** Given data follows **

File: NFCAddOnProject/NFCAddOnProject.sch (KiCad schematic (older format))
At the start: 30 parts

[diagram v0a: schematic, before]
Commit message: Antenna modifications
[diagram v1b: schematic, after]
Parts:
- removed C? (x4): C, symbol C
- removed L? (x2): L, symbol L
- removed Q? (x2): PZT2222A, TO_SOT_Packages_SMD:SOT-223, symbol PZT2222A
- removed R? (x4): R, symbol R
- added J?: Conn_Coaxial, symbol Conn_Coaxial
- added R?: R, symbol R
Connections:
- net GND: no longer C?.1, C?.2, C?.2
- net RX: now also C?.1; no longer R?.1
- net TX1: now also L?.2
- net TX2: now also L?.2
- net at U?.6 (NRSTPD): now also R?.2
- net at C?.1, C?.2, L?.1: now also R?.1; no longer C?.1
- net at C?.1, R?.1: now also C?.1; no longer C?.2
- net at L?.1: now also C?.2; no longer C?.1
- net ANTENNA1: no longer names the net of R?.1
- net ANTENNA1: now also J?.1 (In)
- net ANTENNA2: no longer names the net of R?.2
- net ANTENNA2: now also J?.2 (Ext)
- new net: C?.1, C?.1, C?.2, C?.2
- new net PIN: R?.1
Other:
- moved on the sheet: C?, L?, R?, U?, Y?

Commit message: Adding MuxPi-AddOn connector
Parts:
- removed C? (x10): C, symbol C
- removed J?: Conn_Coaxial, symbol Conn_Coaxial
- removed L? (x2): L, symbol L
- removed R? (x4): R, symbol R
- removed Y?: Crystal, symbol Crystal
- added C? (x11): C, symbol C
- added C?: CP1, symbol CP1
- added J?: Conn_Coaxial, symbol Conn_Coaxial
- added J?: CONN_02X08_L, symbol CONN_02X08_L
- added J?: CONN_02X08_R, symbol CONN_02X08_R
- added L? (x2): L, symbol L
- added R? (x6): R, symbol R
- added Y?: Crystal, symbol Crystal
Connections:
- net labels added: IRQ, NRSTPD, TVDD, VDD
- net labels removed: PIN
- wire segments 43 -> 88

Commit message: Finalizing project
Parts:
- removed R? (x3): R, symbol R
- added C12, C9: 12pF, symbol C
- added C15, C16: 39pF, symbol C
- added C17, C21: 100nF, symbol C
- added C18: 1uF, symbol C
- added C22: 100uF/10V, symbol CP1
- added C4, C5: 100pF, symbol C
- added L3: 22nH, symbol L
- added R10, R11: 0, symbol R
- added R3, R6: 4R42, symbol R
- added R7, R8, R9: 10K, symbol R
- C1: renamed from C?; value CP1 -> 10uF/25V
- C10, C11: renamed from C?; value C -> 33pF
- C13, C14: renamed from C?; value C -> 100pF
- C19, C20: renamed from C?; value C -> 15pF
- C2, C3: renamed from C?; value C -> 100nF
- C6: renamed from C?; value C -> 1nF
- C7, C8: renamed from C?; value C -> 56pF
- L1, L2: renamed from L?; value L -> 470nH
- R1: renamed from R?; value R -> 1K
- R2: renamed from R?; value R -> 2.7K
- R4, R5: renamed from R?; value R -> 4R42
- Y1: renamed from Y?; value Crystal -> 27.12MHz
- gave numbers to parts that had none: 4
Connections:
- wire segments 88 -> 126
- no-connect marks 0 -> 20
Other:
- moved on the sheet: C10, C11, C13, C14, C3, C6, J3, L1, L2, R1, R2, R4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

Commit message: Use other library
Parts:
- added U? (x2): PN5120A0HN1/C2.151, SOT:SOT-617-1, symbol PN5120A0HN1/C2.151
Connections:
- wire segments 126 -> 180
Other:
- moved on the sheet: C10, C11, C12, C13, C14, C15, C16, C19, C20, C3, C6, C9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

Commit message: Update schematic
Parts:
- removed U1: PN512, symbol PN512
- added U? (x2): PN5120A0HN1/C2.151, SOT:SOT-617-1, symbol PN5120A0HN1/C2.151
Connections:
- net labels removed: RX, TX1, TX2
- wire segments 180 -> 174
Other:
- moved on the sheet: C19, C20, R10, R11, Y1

** End of Given data **

◆ Aim of the exercise: All records shown above are to be reproduced without any alteration.

◆ Result for this task:
File: NFCAddOnProject/NFCAddOnProject.sch (KiCad schematic (older format))
At the start: 30 parts

[diagram v0a: schematic, before]
Commit message: Antenna modifications
[diagram v1b: schematic, after]
Parts:
- removed C? (x4): C, symbol C
- removed L? (x2): L, symbol L
- removed Q? (x2): PZT2222A, TO_SOT_Packages_SMD:SOT-223, symbol PZT2222A
- removed R? (x4): R, symbol R
- added J?: Conn_Coaxial, symbol Conn_Coaxial
- added R?: R, symbol R
Connections:
- net GND: no longer C?.1, C?.2, C?.2
- net RX: now also C?.1; no longer R?.1
- net TX1: now also L?.2
- net TX2: now also L?.2
- net at U?.6 (NRSTPD): now also R?.2
- net at C?.1, C?.2, L?.1: now also R?.1; no longer C?.1
- net at C?.1, R?.1: now also C?.1; no longer C?.2
- net at L?.1: now also C?.2; no longer C?.1
- net ANTENNA1: no longer names the net of R?.1
- net ANTENNA1: now also J?.1 (In)
- net ANTENNA2: no longer names the net of R?.2
- net ANTENNA2: now also J?.2 (Ext)
- new net: C?.1, C?.1, C?.2, C?.2
- new net PIN: R?.1
Other:
- moved on the sheet: C?, L?, R?, U?, Y?

Commit message: Adding MuxPi-AddOn connector
Parts:
- removed C? (x10): C, symbol C
- removed J?: Conn_Coaxial, symbol Conn_Coaxial
- removed L? (x2): L, symbol L
- removed R? (x4): R, symbol R
- removed Y?: Crystal, symbol Crystal
- added C? (x11): C, symbol C
- added C?: CP1, symbol CP1
- added J?: Conn_Coaxial, symbol Conn_Coaxial
- added J?: CONN_02X08_L, symbol CONN_02X08_L
- added J?: CONN_02X08_R, symbol CONN_02X08_R
- added L? (x2): L, symbol L
- added R? (x6): R, symbol R
- added Y?: Crystal, symbol Crystal
Connections:
- net labels added: IRQ, NRSTPD, TVDD, VDD
- net labels removed: PIN
- wire segments 43 -> 88

Commit message: Finalizing project
Parts:
- removed R? (x3): R, symbol R
- added C12, C9: 12pF, symbol C
- added C15, C16: 39pF, symbol C
- added C17, C21: 100nF, symbol C
- added C18: 1uF, symbol C
- added C22: 100uF/10V, symbol CP1
- added C4, C5: 100pF, symbol C
- added L3: 22nH, symbol L
- added R10, R11: 0, symbol R
- added R3, R6: 4R42, symbol R
- added R7, R8, R9: 10K, symbol R
- C1: renamed from C?; value CP1 -> 10uF/25V
- C10, C11: renamed from C?; value C -> 33pF
- C13, C14: renamed from C?; value C -> 100pF
- C19, C20: renamed from C?; value C -> 15pF
- C2, C3: renamed from C?; value C -> 100nF
- C6: renamed from C?; value C -> 1nF
- C7, C8: renamed from C?; value C -> 56pF
- L1, L2: renamed from L?; value L -> 470nH
- R1: renamed from R?; value R -> 1K
- R2: renamed from R?; value R -> 2.7K
- R4, R5: renamed from R?; value R -> 4R42
- Y1: renamed from Y?; value Crystal -> 27.12MHz
- gave numbers to parts that had none: 4
Connections:
- wire segments 88 -> 126
- no-connect marks 0 -> 20
Other:
- moved on the sheet: C10, C11, C13, C14, C3, C6, J3, L1, L2, R1, R2, R4

Commit message: Use other library
Parts:
- added U? (x2): PN5120A0HN1/C2.151, SOT:SOT-617-1, symbol PN5120A0HN1/C2.151
Connections:
- wire segments 126 -> 180
Other:
- moved on the sheet: C10, C11, C12, C13, C14, C15, C16, C19, C20, C3, C6, C9

Commit message: Update schematic
Parts:
- removed U1: PN512, symbol PN512
- added U? (x2): PN5120A0HN1/C2.151, SOT:SOT-617-1, symbol PN5120A0HN1/C2.151
Connections:
- net labels removed: RX, TX1, TX2
- wire segments 180 -> 174
Other:
- moved on the sheet: C19, C20, R10, R11, Y1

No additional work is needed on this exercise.